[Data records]
=== Section Start ===
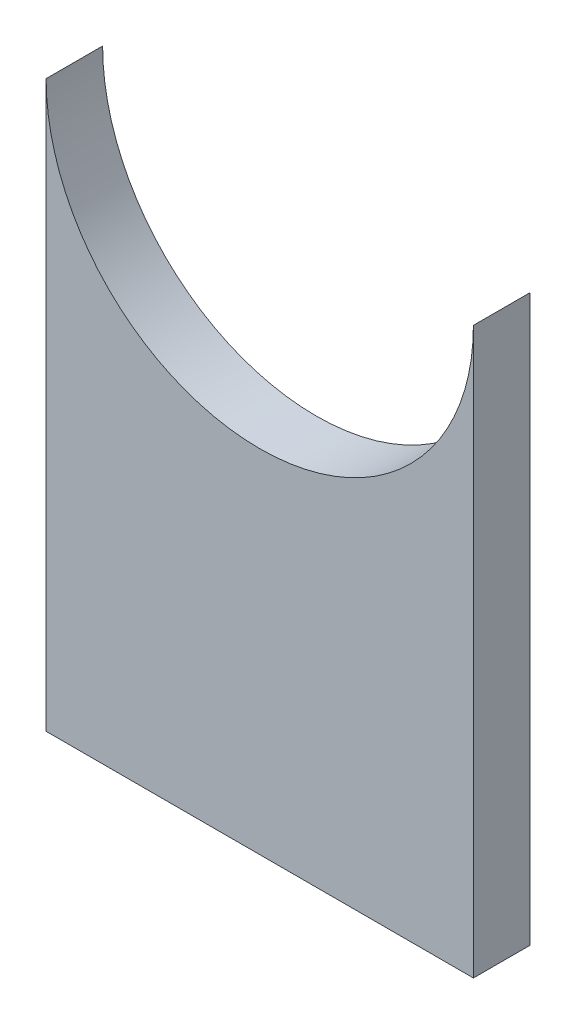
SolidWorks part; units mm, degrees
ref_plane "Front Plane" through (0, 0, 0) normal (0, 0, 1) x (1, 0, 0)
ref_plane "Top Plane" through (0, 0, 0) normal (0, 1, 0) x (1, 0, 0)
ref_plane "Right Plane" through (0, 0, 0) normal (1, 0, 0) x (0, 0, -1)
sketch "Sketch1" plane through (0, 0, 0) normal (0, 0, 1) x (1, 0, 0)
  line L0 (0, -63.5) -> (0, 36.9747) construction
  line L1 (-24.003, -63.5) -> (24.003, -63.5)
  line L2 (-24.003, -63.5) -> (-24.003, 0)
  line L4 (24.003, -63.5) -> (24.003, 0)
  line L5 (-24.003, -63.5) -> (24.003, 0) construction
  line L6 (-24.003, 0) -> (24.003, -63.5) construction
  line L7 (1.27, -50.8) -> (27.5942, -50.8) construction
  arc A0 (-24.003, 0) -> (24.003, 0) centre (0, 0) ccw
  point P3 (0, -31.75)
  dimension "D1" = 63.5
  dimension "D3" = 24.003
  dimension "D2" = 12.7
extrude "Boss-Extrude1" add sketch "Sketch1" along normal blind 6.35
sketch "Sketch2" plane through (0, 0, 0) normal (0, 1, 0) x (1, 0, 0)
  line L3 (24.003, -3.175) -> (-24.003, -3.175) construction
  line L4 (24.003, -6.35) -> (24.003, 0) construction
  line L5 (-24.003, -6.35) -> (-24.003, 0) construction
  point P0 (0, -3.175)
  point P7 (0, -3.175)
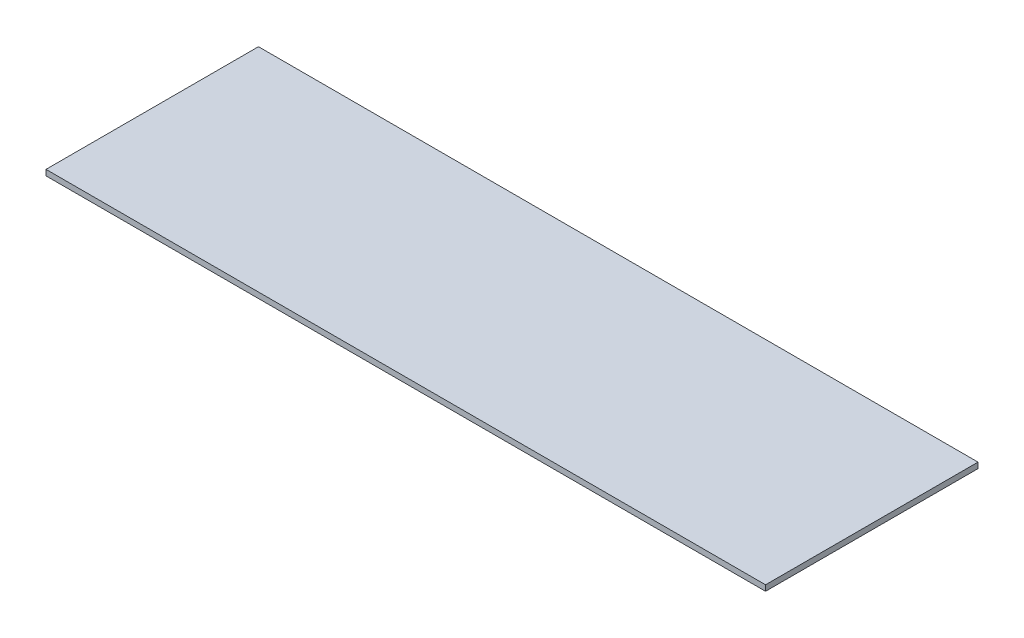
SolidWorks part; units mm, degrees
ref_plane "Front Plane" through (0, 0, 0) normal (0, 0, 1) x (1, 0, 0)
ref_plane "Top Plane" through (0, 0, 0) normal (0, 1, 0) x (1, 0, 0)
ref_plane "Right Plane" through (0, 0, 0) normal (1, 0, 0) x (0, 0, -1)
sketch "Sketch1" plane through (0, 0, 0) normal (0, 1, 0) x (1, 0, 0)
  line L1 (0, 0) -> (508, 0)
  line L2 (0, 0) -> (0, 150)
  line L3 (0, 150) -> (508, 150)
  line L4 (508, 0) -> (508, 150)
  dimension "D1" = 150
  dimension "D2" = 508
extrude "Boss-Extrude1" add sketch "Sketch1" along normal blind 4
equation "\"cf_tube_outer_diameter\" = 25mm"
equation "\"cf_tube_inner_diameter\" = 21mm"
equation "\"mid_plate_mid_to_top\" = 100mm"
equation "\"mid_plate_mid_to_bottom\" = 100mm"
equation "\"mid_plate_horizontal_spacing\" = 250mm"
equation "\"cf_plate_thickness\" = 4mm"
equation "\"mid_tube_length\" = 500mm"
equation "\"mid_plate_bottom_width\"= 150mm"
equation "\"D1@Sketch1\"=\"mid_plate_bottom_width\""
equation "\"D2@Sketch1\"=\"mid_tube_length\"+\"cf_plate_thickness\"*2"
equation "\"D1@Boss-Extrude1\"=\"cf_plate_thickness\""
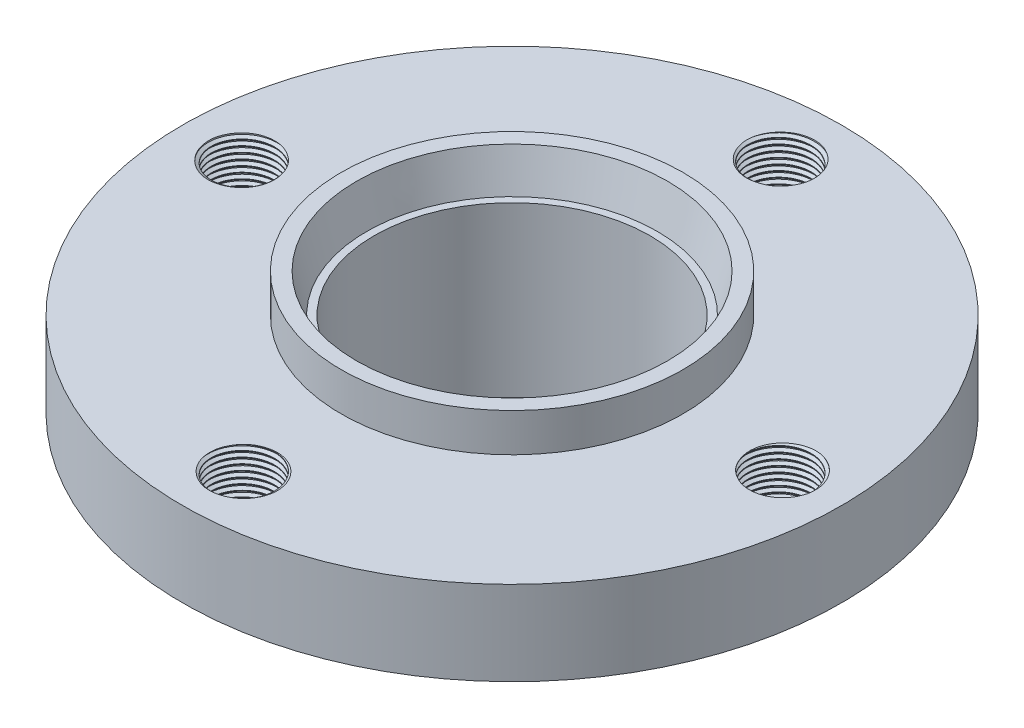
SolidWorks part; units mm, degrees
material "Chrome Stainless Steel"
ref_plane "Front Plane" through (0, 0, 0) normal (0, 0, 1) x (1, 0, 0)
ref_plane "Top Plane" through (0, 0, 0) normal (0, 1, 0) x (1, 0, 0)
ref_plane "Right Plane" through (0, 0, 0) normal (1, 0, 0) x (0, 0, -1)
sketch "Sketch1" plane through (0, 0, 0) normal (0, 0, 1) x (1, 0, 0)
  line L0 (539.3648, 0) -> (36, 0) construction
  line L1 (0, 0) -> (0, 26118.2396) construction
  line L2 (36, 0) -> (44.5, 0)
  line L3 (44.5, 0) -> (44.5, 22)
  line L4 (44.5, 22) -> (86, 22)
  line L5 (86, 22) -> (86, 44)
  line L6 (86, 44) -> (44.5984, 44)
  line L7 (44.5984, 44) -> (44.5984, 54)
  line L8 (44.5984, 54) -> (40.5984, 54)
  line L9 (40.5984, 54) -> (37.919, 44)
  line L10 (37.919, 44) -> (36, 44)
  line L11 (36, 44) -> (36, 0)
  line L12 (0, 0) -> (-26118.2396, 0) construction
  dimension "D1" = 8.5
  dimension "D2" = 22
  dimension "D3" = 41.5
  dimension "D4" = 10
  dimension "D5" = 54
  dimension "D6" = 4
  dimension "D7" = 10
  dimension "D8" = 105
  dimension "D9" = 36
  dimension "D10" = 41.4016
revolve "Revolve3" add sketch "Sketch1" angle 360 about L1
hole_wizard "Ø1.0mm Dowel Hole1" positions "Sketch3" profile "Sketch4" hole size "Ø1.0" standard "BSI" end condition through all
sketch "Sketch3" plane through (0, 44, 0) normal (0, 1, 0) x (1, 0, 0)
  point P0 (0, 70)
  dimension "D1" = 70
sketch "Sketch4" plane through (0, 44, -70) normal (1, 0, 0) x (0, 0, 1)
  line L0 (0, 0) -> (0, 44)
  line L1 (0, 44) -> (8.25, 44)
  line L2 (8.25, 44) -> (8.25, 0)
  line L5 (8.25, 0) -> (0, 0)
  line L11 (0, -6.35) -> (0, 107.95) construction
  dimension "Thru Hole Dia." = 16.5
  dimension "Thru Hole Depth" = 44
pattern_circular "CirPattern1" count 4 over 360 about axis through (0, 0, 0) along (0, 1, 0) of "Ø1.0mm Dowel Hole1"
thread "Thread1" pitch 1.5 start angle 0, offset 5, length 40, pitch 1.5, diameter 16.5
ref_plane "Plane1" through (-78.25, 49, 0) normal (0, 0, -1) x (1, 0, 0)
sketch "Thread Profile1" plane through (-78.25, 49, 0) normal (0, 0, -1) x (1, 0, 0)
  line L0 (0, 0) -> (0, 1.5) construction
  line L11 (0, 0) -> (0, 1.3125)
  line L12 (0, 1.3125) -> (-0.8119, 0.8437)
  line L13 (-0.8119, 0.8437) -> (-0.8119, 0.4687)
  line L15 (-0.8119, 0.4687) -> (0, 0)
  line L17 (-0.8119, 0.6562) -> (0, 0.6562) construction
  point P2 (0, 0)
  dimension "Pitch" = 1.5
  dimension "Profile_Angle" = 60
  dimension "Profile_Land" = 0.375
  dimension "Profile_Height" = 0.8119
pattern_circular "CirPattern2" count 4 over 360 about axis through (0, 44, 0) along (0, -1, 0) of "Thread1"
=== Section End ===
▶ **What to produce**
Could you give all of the data again exactly as written, omitting any pictures?

▶ **Task result**
SolidWorks part; units mm, degrees
ref_plane "Front Plane" through (0, 0, 0) normal (0, 0, 1) x (1, 0, 0)
ref_plane "Top Plane" through (0, 0, 0) normal (0, 1, 0) x (1, 0, 0)
ref_plane "Right Plane" through (0, 0, 0) normal (1, 0, 0) x (0, 0, -1)
sketch "Sketch1" plane through (0, 0, 0) normal (0, 0, 1) x (1, 0, 0)
  line L0 (0, -63.5) -> (0, 36.9747) construction
  line L1 (-24.003, -63.5) -> (24.003, -63.5)
  line L2 (-24.003, -63.5) -> (-24.003, 0)
  line L4 (24.003, -63.5) -> (24.003, 0)
  line L5 (-24.003, -63.5) -> (24.003, 0) construction
  line L6 (-24.003, 0) -> (24.003, -63.5) construction
  line L7 (1.27, -50.8) -> (27.5942, -50.8) construction
  arc A0 (-24.003, 0) -> (24.003, 0) centre (0, 0) ccw
  point P3 (0, -31.75)
  dimension "D1" = 63.5
  dimension "D3" = 24.003
  dimension "D2" = 12.7
extrude "Boss-Extrude1" add sketch "Sketch1" along normal blind 6.35
sketch "Sketch2" plane through (0, 0, 0) normal (0, 1, 0) x (1, 0, 0)
  line L3 (24.003, -3.175) -> (-24.003, -3.175) construction
  line L4 (24.003, -6.35) -> (24.003, 0) construction
  line L5 (-24.003, -6.35) -> (-24.003, 0) construction
  point P0 (0, -3.175)
  point P7 (0, -3.175)
SolidWorks part; units mm, degrees
ref_plane "Front Plane" through (0, 0, 0) normal (0, 0, 1) x (1, 0, 0)
ref_plane "Top Plane" through (0, 0, 0) normal (0, 1, 0) x (1, 0, 0)
ref_plane "Right Plane" through (0, 0, 0) normal (1, 0, 0) x (0, 0, -1)
sketch "Sketch1" plane through (0, 0, 0) normal (0, 1, 0) x (1, 0, 0)
  line L1 (0, 0) -> (508, 0)
  line L2 (0, 0) -> (0, 150)
  line L3 (0, 150) -> (508, 150)
  line L4 (508, 0) -> (508, 150)
  dimension "D1" = 150
  dimension "D2" = 508
extrude "Boss-Extrude1" add sketch "Sketch1" along normal blind 4
equation "\"cf_tube_outer_diameter\" = 25mm"
equation "\"cf_tube_inner_diameter\" = 21mm"
equation "\"mid_plate_mid_to_top\" = 100mm"
equation "\"mid_plate_mid_to_bottom\" = 100mm"
equation "\"mid_plate_horizontal_spacing\" = 250mm"
equation "\"cf_plate_thickness\" = 4mm"
equation "\"mid_tube_length\" = 500mm"
equation "\"mid_plate_bottom_width\"= 150mm"
equation "\"D1@Sketch1\"=\"mid_plate_bottom_width\""
equation "\"D2@Sketch1\"=\"mid_tube_length\"+\"cf_plate_thickness\"*2"
equation "\"D1@Boss-Extrude1\"=\"cf_plate_thickness\""
SolidWorks part; units mm, degrees
material "Chrome Stainless Steel"
ref_plane "Front Plane" through (0, 0, 0) normal (0, 0, 1) x (1, 0, 0)
ref_plane "Top Plane" through (0, 0, 0) normal (0, 1, 0) x (1, 0, 0)
ref_plane "Right Plane" through (0, 0, 0) normal (1, 0, 0) x (0, 0, -1)
sketch "Sketch1" plane through (0, 0, 0) normal (0, 0, 1) x (1, 0, 0)
  line L0 (539.3648, 0) -> (36, 0) construction
  line L1 (0, 0) -> (0, 26118.2396) construction
  line L2 (36, 0) -> (44.5, 0)
  line L3 (44.5, 0) -> (44.5, 22)
  line L4 (44.5, 22) -> (86, 22)
  line L5 (86, 22) -> (86, 44)
  line L6 (86, 44) -> (44.5984, 44)
  line L7 (44.5984, 44) -> (44.5984, 54)
  line L8 (44.5984, 54) -> (40.5984, 54)
  line L9 (40.5984, 54) -> (37.919, 44)
  line L10 (37.919, 44) -> (36, 44)
  line L11 (36, 44) -> (36, 0)
  line L12 (0, 0) -> (-26118.2396, 0) construction
  dimension "D1" = 8.5
  dimension "D2" = 22
  dimension "D3" = 41.5
  dimension "D4" = 10
  dimension "D5" = 54
  dimension "D6" = 4
  dimension "D7" = 10
  dimension "D8" = 105
  dimension "D9" = 36
  dimension "D10" = 41.4016
revolve "Revolve3" add sketch "Sketch1" angle 360 about L1
hole_wizard "Ø1.0mm Dowel Hole1" positions "Sketch3" profile "Sketch4" hole size "Ø1.0" standard "BSI" end condition through all
sketch "Sketch3" plane through (0, 44, 0) normal (0, 1, 0) x (1, 0, 0)
  point P0 (0, 70)
  dimension "D1" = 70
sketch "Sketch4" plane through (0, 44, -70) normal (1, 0, 0) x (0, 0, 1)
  line L0 (0, 0) -> (0, 44)
  line L1 (0, 44) -> (8.25, 44)
  line L2 (8.25, 44) -> (8.25, 0)
  line L5 (8.25, 0) -> (0, 0)
  line L11 (0, -6.35) -> (0, 107.95) construction
  dimension "Thru Hole Dia." = 16.5
  dimension "Thru Hole Depth" = 44
pattern_circular "CirPattern1" count 4 over 360 about axis through (0, 0, 0) along (0, 1, 0) of "Ø1.0mm Dowel Hole1"
thread "Thread1" pitch 1.5 start angle 0, offset 5, length 40, pitch 1.5, diameter 16.5
ref_plane "Plane1" through (-78.25, 49, 0) normal (0, 0, -1) x (1, 0, 0)
sketch "Thread Profile1" plane through (-78.25, 49, 0) normal (0, 0, -1) x (1, 0, 0)
  line L0 (0, 0) -> (0, 1.5) construction
  line L11 (0, 0) -> (0, 1.3125)
  line L12 (0, 1.3125) -> (-0.8119, 0.8437)
  line L13 (-0.8119, 0.8437) -> (-0.8119, 0.4687)
  line L15 (-0.8119, 0.4687) -> (0, 0)
  line L17 (-0.8119, 0.6562) -> (0, 0.6562) construction
  point P2 (0, 0)
  dimension "Pitch" = 1.5
  dimension "Profile_Angle" = 60
  dimension "Profile_Land" = 0.375
  dimension "Profile_Height" = 0.8119
pattern_circular "CirPattern2" count 4 over 360 about axis through (0, 44, 0) along (0, -1, 0) of "Thread1"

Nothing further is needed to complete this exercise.